Where a line of the entries holds the string "totalNetBouyForceBdy", copy that line.

--------------------

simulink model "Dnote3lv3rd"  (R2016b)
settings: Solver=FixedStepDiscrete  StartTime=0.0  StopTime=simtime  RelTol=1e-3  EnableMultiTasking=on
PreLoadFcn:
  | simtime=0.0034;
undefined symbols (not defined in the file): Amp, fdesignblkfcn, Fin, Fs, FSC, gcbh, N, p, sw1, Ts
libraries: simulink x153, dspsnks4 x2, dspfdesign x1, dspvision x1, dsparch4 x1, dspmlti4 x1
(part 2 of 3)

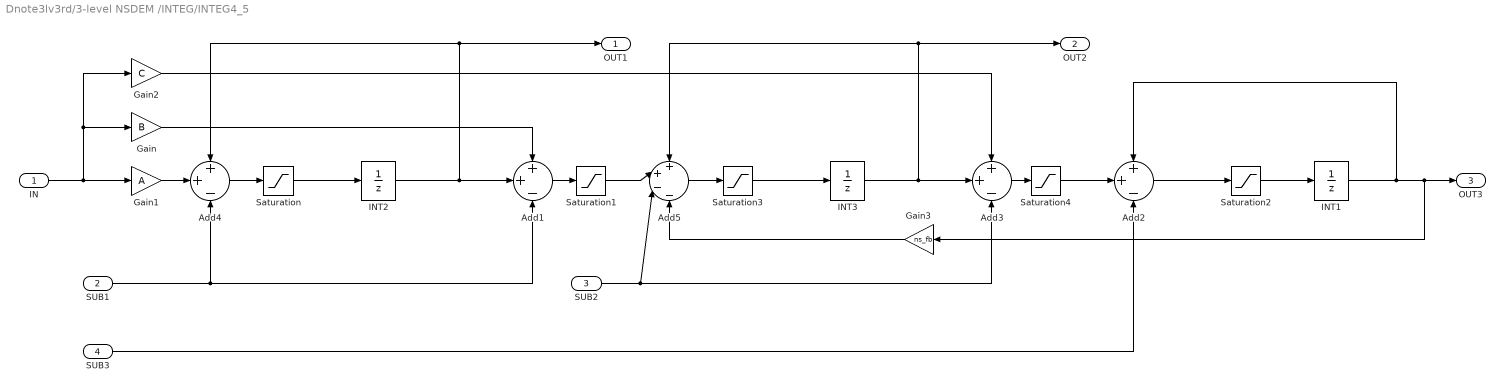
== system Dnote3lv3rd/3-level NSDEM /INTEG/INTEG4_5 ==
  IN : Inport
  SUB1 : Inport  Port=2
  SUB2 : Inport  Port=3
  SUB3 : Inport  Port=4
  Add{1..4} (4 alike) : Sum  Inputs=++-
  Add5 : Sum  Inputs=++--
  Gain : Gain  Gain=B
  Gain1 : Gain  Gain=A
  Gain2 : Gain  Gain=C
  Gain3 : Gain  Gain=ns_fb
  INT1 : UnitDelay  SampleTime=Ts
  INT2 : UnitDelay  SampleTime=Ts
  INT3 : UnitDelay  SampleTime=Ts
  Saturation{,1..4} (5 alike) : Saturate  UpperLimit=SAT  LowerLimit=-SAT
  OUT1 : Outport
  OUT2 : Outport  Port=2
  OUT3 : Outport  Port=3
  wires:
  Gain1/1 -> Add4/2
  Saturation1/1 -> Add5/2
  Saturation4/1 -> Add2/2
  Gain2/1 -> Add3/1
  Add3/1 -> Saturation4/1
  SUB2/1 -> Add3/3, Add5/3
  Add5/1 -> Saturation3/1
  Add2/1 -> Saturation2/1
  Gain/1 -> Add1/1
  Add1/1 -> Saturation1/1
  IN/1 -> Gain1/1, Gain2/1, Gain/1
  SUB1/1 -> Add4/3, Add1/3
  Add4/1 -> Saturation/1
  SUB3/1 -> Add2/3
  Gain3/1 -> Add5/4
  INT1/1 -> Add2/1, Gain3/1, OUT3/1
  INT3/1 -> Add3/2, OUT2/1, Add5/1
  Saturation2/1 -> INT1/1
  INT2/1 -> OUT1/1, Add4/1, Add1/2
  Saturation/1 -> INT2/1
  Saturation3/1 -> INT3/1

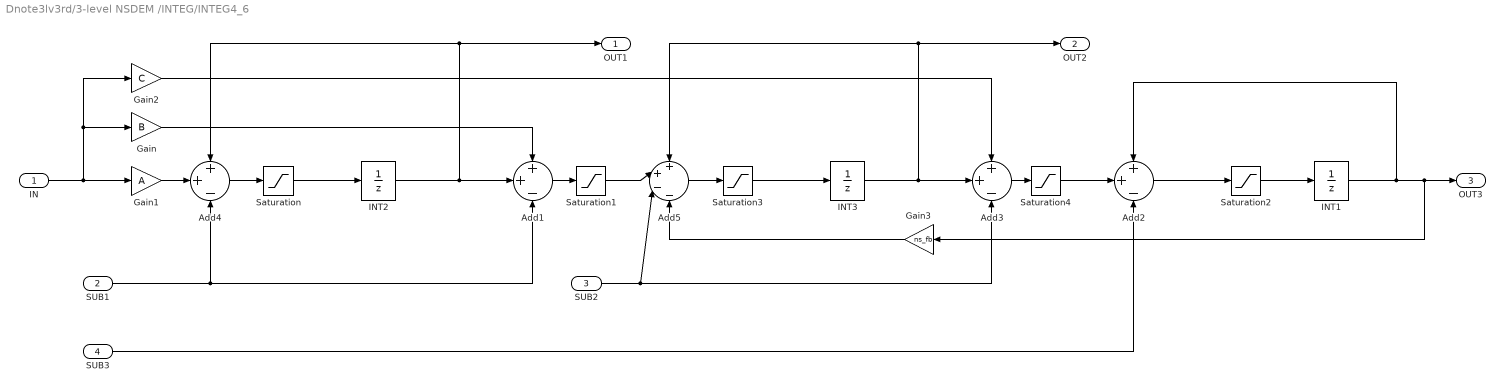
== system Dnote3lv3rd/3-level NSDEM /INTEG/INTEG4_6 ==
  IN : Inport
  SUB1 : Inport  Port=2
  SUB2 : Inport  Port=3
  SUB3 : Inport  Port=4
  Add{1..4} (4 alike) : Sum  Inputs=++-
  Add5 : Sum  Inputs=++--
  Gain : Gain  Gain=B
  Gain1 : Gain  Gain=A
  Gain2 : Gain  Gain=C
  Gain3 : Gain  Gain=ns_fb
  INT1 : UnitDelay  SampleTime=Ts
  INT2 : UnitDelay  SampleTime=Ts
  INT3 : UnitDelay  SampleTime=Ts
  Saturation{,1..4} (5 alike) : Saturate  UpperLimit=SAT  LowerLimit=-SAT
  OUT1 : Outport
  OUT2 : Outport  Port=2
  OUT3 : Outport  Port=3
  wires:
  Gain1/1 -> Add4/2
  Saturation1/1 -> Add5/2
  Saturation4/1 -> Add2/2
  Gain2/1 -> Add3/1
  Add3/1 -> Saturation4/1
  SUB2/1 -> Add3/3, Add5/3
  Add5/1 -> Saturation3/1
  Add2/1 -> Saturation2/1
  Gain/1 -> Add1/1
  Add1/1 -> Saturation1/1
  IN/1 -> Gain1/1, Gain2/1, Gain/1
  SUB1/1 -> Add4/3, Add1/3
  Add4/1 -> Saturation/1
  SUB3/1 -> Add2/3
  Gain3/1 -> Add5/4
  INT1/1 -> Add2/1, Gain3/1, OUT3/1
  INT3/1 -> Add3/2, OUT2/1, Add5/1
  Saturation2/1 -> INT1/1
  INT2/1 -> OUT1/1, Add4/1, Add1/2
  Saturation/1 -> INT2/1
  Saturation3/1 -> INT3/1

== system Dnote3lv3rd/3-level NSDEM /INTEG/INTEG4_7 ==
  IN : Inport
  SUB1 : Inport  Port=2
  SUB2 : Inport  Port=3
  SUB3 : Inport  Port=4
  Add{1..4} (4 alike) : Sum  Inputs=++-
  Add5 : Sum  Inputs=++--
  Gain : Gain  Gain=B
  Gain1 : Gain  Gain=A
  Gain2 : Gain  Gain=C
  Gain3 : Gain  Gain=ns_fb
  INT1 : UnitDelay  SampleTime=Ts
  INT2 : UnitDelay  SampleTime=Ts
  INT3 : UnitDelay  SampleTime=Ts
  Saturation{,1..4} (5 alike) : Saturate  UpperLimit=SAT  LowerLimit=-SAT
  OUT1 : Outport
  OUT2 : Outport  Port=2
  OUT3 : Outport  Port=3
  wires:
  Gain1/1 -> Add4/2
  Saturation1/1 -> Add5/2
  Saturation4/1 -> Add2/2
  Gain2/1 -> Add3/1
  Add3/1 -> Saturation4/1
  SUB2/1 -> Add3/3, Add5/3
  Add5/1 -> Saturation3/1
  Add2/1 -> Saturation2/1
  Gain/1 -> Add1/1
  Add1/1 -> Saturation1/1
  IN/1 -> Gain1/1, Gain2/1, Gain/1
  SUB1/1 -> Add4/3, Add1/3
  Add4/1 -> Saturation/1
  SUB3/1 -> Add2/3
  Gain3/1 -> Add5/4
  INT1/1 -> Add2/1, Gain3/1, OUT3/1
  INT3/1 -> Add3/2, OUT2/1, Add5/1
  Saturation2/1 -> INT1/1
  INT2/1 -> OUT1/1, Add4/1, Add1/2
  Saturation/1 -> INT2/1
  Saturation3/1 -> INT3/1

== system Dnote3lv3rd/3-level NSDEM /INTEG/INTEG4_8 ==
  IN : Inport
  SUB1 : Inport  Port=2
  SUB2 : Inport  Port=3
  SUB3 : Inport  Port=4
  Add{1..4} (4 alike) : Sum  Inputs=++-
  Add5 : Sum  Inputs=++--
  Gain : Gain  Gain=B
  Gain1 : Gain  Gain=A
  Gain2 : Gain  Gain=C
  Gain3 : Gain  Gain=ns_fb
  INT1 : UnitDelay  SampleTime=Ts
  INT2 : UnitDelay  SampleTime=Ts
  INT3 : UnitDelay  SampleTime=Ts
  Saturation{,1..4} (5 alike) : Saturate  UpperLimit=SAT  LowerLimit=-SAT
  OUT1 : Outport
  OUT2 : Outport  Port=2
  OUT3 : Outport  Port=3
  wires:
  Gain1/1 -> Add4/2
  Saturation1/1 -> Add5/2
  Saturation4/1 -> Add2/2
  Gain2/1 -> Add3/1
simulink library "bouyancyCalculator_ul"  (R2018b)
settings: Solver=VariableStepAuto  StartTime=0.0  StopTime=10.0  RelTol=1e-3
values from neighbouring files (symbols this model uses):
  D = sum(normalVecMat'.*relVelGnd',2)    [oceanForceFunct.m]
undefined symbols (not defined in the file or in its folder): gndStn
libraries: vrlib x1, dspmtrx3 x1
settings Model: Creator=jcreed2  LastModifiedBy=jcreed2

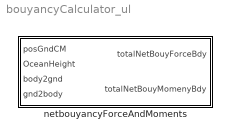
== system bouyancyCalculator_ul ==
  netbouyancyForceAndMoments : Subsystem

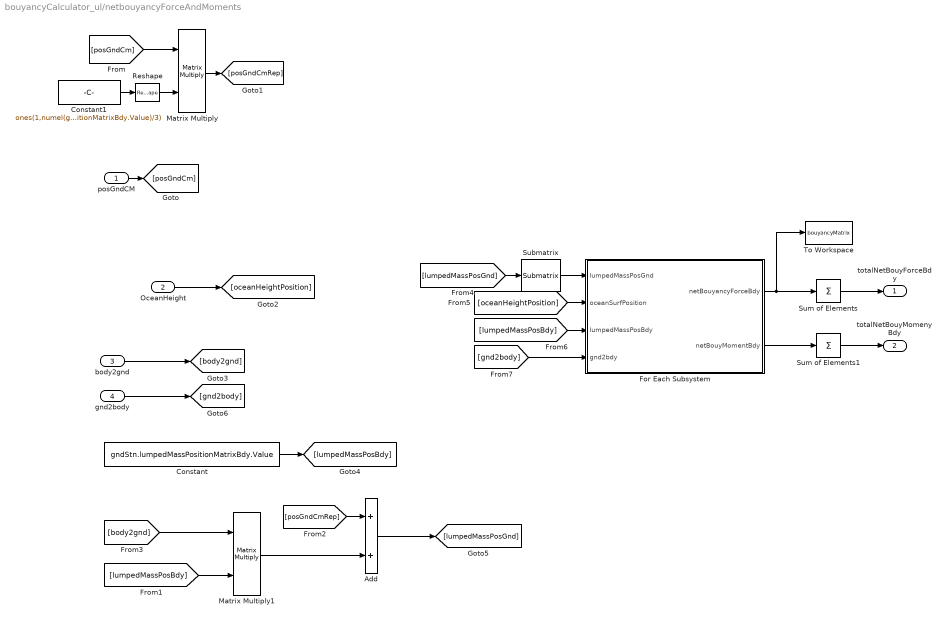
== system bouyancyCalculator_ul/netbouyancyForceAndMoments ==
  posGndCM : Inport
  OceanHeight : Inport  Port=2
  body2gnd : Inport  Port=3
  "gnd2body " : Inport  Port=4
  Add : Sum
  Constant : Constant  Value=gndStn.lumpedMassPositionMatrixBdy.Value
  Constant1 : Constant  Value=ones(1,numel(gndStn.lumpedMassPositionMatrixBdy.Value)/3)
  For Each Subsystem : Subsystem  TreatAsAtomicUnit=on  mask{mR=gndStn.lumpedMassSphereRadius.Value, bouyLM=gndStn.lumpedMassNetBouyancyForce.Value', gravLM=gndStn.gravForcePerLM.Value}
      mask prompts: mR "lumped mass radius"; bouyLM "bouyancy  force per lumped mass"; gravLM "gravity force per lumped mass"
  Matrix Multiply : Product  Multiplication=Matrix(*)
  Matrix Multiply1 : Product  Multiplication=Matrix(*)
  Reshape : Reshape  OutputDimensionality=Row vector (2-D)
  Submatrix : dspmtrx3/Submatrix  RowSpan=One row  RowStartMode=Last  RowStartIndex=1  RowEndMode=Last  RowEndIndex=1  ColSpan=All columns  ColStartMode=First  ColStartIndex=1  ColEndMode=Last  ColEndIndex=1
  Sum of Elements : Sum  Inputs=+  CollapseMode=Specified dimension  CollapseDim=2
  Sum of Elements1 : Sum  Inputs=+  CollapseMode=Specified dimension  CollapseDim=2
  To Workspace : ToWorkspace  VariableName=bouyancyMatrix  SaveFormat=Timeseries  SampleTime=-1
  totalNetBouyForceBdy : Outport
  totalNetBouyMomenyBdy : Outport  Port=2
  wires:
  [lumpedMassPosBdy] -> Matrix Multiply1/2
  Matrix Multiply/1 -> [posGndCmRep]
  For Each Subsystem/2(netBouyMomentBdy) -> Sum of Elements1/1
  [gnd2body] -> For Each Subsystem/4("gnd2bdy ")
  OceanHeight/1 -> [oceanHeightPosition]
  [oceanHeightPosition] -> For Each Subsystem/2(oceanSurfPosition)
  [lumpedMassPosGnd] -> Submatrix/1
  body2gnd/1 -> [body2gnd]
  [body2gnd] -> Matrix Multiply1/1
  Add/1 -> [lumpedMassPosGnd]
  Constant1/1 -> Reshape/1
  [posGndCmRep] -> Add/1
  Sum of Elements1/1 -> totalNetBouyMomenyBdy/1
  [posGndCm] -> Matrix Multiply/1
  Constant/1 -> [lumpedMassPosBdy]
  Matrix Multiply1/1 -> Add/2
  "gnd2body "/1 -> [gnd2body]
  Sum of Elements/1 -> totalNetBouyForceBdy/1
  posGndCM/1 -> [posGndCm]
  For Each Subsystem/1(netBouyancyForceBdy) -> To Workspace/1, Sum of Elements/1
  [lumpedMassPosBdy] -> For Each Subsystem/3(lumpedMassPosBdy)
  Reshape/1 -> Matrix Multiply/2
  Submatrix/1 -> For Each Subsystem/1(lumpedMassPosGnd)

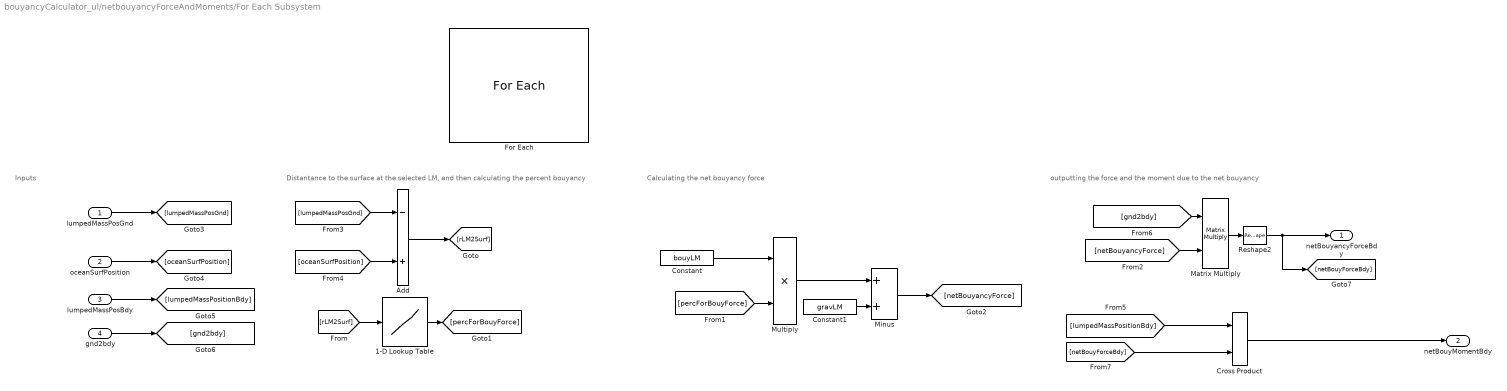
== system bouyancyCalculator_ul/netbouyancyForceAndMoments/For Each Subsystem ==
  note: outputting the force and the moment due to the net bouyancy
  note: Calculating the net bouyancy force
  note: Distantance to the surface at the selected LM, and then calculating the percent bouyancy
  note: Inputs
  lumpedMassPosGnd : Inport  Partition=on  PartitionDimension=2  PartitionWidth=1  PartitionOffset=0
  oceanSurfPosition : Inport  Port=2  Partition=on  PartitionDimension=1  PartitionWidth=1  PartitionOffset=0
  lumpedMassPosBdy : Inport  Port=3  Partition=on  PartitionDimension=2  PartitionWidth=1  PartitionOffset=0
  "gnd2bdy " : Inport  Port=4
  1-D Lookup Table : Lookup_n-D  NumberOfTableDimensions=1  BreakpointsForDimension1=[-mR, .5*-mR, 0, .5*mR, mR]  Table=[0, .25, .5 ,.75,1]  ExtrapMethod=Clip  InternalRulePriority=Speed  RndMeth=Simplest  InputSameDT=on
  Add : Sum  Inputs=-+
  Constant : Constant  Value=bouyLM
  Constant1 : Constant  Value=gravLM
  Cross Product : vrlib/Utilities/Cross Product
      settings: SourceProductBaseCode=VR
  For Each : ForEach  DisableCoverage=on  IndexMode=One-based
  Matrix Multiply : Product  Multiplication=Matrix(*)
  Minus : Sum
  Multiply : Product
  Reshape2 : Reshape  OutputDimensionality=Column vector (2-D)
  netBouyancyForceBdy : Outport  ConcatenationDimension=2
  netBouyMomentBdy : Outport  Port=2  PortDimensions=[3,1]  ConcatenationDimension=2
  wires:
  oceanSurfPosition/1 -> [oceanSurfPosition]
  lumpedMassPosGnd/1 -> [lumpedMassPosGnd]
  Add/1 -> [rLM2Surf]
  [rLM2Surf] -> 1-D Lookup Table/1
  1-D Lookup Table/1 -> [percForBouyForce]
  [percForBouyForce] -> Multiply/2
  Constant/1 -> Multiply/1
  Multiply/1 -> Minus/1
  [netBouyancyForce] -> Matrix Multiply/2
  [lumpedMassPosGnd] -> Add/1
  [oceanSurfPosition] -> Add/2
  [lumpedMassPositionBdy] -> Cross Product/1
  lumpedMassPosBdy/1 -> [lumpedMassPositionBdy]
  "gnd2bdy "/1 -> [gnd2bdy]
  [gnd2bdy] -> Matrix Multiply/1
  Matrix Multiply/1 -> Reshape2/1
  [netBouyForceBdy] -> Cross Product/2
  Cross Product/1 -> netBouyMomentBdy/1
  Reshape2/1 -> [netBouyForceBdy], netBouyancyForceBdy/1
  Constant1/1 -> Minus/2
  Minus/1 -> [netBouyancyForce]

--------------------

> [Final answer]:
  totalNetBouyForceBdy : Outport
  Sum of Elements/1 -> totalNetBouyForceBdy/1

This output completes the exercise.